20. From the literature, what is the success rate of bariatric surgery? What patient
characteristics may increase the likelihood for success?

Bariatric surgery is the current gold standard of the weight loss surgeries. The NIH recognizes
that this is the “only effective treatment to combat severe obesity and maintain long-term weight
loss.” Success rate for previously severe obese individuals is at 90+% at maintaining 50+% of
excess wieght loss after surgery. For those who had super severe obesity, 80+% maintain the
same 50+% of excess weight loss. One study found that mortality rates dropped by up to 89%
when comparing surgery individuals with similar obese indivuduals without surgery over a 5-year
period. Diabetes-related deaths between the two groups was found to have a 90+% reduction and
50+% reduction in heart disease.
Hailey Westenbroek, Aarica Geitner, Pedro Guzman, Ricky Licona

Mortality rates for the bariatric surgery itself sits at 3/1000 which is similar to gallbladder
removal, yet less than a hip replacement. Up to 16% of patients may experience complications
and high risk of malnutrition will require lifetime monitoring. Given that most qualified patients
have 1 or more life-threatening diseases at the time of surgery, the benefits far outweigh the
complication risk. Comorbidities that can be improved include Type 2 DM (80% remission,
85+% improvement), hypertension, dyslipidemia, and more.

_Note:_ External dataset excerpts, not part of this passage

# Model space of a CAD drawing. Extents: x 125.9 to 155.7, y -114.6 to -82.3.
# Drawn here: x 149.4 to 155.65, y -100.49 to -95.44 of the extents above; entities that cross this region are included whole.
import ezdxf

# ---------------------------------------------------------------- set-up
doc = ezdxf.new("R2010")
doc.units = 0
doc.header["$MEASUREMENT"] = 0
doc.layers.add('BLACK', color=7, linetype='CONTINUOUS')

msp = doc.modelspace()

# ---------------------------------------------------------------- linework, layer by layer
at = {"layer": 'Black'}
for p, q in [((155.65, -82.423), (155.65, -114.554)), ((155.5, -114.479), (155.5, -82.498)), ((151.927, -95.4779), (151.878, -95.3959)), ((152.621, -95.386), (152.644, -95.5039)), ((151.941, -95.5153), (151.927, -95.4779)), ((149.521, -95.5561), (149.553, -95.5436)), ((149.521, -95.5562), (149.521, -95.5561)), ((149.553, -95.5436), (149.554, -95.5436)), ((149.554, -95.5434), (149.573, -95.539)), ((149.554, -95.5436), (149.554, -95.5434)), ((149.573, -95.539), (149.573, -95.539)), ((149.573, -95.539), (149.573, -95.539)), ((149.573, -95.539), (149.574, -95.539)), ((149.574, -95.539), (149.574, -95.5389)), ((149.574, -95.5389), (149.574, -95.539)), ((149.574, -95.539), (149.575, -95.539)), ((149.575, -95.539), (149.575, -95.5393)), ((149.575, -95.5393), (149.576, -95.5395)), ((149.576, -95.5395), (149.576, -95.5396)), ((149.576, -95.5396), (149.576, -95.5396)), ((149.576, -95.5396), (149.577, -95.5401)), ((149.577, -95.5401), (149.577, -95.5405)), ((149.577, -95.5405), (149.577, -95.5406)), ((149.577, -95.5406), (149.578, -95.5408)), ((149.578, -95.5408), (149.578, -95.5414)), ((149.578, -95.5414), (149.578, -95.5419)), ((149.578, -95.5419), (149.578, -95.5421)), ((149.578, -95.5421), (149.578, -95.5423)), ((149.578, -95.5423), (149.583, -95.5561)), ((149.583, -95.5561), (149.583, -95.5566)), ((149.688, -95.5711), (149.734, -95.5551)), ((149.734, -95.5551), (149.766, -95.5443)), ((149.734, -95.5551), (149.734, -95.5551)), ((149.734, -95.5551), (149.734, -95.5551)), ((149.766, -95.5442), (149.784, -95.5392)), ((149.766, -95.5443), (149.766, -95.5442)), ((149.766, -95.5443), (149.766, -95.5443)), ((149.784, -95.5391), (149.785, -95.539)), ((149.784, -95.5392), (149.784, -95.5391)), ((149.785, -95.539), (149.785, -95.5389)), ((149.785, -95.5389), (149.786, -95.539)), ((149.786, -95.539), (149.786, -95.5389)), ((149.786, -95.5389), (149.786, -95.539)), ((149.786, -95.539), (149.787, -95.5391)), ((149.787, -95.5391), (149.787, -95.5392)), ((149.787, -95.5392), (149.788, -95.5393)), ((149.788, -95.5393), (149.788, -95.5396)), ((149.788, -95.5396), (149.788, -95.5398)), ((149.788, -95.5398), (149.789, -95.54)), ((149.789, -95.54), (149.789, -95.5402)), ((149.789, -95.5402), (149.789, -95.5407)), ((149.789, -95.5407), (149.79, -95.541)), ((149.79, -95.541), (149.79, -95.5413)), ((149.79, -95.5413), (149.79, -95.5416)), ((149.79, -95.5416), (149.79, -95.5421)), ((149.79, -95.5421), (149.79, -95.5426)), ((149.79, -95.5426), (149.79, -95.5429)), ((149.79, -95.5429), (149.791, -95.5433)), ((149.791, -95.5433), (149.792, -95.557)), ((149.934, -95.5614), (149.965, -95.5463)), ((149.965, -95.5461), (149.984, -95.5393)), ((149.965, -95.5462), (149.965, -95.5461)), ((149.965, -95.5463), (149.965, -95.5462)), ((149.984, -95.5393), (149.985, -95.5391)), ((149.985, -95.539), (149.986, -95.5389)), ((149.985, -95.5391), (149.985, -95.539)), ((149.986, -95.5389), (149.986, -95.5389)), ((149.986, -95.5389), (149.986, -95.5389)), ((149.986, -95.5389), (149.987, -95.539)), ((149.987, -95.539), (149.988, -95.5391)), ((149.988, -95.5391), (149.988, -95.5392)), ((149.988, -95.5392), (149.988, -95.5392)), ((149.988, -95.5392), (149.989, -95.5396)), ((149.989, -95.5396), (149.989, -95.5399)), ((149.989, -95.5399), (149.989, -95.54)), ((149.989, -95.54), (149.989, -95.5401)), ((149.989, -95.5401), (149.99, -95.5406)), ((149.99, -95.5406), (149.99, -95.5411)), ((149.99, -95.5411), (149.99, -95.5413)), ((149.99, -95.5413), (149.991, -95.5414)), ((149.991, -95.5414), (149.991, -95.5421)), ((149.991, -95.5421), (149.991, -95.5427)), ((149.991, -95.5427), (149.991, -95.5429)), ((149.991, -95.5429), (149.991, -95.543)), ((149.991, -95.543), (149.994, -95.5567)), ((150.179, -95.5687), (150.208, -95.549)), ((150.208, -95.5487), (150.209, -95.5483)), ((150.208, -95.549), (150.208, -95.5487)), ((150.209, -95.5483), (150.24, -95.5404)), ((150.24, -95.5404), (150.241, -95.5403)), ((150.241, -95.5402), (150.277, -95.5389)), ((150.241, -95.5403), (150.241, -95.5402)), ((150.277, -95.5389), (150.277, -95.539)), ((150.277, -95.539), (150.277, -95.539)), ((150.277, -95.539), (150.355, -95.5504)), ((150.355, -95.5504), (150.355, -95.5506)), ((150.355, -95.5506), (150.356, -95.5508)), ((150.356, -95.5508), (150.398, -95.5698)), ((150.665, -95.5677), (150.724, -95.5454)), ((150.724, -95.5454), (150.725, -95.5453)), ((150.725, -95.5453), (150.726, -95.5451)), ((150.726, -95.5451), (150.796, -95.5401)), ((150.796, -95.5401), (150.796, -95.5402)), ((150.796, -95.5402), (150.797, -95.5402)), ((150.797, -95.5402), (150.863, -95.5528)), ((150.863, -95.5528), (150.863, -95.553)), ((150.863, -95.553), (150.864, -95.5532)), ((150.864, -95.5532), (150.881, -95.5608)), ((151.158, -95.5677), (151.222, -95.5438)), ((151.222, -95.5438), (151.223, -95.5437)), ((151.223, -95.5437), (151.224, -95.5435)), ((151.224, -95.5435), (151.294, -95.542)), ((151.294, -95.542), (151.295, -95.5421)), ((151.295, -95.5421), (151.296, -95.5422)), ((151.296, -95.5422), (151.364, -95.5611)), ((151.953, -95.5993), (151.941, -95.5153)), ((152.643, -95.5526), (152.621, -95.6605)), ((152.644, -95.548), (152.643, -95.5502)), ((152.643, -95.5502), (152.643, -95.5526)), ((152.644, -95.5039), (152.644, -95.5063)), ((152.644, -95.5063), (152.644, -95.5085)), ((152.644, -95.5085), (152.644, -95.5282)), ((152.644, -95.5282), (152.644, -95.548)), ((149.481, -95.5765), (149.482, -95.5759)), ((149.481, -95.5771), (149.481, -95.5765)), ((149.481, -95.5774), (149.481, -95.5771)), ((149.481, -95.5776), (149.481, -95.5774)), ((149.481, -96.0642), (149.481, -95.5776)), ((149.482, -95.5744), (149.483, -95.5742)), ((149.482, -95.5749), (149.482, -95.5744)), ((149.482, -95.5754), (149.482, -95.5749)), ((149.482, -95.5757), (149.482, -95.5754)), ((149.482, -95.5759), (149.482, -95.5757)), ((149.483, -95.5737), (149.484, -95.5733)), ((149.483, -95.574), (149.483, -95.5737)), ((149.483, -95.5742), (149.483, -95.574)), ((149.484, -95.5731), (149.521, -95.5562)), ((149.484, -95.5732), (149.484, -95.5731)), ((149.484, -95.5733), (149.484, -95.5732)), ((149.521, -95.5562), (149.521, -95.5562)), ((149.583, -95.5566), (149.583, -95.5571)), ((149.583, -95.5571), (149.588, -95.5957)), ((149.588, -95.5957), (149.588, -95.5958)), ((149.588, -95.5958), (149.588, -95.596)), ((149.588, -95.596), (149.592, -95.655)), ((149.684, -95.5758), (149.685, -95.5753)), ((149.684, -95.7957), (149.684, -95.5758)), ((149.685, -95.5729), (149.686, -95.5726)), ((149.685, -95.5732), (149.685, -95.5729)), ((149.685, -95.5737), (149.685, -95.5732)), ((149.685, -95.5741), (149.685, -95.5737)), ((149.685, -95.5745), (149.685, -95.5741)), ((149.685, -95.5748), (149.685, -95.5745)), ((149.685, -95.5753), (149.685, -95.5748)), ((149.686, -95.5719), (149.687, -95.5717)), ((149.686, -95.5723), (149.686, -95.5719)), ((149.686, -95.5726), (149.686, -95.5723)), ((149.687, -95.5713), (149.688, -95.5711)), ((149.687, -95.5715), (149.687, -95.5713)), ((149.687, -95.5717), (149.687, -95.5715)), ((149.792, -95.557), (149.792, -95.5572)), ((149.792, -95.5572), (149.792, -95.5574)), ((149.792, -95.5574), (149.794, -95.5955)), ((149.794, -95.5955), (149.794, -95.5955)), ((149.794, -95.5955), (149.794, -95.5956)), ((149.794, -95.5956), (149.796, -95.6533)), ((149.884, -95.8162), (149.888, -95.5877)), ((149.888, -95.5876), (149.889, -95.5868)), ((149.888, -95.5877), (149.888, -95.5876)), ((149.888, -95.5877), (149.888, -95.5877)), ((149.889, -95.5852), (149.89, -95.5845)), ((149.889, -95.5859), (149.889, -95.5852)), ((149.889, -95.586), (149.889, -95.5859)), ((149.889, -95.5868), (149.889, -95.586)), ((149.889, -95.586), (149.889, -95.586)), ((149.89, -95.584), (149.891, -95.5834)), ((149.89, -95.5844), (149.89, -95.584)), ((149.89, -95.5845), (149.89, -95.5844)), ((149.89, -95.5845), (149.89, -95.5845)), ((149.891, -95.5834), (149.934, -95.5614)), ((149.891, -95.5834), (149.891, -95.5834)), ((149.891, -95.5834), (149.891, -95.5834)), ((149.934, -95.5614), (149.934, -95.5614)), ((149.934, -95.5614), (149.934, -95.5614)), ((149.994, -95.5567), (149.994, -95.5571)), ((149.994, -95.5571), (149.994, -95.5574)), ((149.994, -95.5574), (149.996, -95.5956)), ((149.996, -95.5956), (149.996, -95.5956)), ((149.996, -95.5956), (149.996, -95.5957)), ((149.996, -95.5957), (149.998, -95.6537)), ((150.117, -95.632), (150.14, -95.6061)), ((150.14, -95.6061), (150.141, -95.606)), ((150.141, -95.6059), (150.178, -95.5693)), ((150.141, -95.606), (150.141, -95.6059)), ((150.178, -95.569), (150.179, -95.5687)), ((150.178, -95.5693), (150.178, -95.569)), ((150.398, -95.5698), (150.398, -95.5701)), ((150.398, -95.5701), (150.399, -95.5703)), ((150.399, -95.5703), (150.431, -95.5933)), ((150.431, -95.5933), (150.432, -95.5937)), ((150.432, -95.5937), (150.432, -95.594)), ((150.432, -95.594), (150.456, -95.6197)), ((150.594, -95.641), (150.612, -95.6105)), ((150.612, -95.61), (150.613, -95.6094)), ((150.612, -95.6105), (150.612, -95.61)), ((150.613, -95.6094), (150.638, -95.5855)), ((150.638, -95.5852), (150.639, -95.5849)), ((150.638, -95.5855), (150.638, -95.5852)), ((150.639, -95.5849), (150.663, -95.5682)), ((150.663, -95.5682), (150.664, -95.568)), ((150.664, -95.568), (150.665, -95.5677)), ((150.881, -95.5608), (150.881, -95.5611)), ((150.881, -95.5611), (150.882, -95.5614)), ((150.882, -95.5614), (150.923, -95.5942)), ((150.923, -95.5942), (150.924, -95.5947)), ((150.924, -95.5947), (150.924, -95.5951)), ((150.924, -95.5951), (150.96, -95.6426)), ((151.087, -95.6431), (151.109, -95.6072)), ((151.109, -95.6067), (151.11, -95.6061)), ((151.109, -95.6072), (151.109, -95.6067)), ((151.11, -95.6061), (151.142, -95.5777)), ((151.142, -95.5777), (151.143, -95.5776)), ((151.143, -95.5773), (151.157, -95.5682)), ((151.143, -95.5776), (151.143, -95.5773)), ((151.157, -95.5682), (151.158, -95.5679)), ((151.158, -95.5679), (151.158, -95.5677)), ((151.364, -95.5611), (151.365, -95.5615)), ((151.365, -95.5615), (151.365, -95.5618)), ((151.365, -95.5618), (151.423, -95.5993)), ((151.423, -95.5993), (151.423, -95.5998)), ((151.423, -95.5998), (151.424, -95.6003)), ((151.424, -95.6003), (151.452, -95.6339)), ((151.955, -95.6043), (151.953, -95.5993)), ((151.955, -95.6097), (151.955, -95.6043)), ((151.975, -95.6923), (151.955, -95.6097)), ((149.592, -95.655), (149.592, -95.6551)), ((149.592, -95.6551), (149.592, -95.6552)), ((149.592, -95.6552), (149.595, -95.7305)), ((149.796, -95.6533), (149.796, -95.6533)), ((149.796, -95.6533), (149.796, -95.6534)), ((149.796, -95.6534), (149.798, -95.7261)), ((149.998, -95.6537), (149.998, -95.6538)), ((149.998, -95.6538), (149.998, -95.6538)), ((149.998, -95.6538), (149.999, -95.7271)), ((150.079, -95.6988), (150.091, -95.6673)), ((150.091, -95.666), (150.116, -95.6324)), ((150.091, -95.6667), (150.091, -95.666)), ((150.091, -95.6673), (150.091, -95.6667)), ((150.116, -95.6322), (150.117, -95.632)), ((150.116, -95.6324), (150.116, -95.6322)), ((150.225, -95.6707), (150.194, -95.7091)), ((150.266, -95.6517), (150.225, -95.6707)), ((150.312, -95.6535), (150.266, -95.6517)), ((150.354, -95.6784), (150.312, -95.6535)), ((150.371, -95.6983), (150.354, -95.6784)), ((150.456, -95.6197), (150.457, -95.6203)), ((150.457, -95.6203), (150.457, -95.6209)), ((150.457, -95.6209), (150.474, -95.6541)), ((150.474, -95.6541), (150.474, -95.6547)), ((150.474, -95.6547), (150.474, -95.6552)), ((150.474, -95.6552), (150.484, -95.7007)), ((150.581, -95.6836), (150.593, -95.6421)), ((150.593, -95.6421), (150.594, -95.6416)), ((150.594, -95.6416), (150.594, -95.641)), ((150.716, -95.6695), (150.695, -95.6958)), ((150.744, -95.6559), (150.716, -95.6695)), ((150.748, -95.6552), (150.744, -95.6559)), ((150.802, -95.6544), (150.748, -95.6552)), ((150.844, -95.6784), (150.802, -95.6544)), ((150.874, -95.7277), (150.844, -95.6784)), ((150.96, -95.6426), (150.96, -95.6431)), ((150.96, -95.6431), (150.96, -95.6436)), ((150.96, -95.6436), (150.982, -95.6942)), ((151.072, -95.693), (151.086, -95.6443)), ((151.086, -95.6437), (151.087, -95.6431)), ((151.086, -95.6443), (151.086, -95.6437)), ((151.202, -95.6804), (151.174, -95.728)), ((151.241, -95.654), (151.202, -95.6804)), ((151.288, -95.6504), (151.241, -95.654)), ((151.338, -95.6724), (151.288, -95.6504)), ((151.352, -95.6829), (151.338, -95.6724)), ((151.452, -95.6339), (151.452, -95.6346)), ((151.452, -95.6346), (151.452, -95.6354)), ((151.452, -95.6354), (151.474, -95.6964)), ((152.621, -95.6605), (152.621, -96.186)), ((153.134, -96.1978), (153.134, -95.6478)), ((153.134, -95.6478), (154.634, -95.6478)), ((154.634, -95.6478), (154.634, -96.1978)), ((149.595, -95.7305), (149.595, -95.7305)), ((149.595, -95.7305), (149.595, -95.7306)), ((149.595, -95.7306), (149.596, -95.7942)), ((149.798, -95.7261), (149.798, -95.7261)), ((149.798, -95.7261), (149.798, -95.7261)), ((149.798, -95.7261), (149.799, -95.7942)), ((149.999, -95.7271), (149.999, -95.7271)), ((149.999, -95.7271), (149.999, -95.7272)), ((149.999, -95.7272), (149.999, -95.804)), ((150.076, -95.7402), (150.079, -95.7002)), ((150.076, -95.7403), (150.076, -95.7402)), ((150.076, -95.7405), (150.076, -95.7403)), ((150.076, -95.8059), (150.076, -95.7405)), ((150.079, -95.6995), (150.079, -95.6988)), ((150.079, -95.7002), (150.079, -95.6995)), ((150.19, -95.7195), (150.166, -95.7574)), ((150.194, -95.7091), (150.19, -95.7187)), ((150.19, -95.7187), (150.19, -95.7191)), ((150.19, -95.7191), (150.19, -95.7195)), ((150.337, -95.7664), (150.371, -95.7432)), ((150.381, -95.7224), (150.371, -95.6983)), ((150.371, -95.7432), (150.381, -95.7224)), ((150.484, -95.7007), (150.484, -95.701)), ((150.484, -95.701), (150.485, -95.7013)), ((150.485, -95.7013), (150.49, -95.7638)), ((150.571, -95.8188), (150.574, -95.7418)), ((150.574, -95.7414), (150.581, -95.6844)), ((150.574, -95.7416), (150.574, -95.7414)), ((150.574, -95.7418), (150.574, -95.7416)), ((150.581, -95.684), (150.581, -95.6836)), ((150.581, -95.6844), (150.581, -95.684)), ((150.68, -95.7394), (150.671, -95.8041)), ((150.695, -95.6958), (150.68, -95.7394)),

A patient is more likely to succeed if they attend follow-up visits with their surgical team and
RD(N), join a support group, and adopt healthy lifestyle choices--engage in 60-90 minutes of
physical activity a day, weighing themselves regularly to monitor progress, and adherence to a
low-fat diet (24% of total kcal), and eating breakfast every day. Two support groups geared
towards these patients are Overeaters Anonymous and Take Off Pounds Sensibly. Monotonous
diets can be helpful to control intake. “Keep the ‘extras’ to no more than 200 kcal per day.”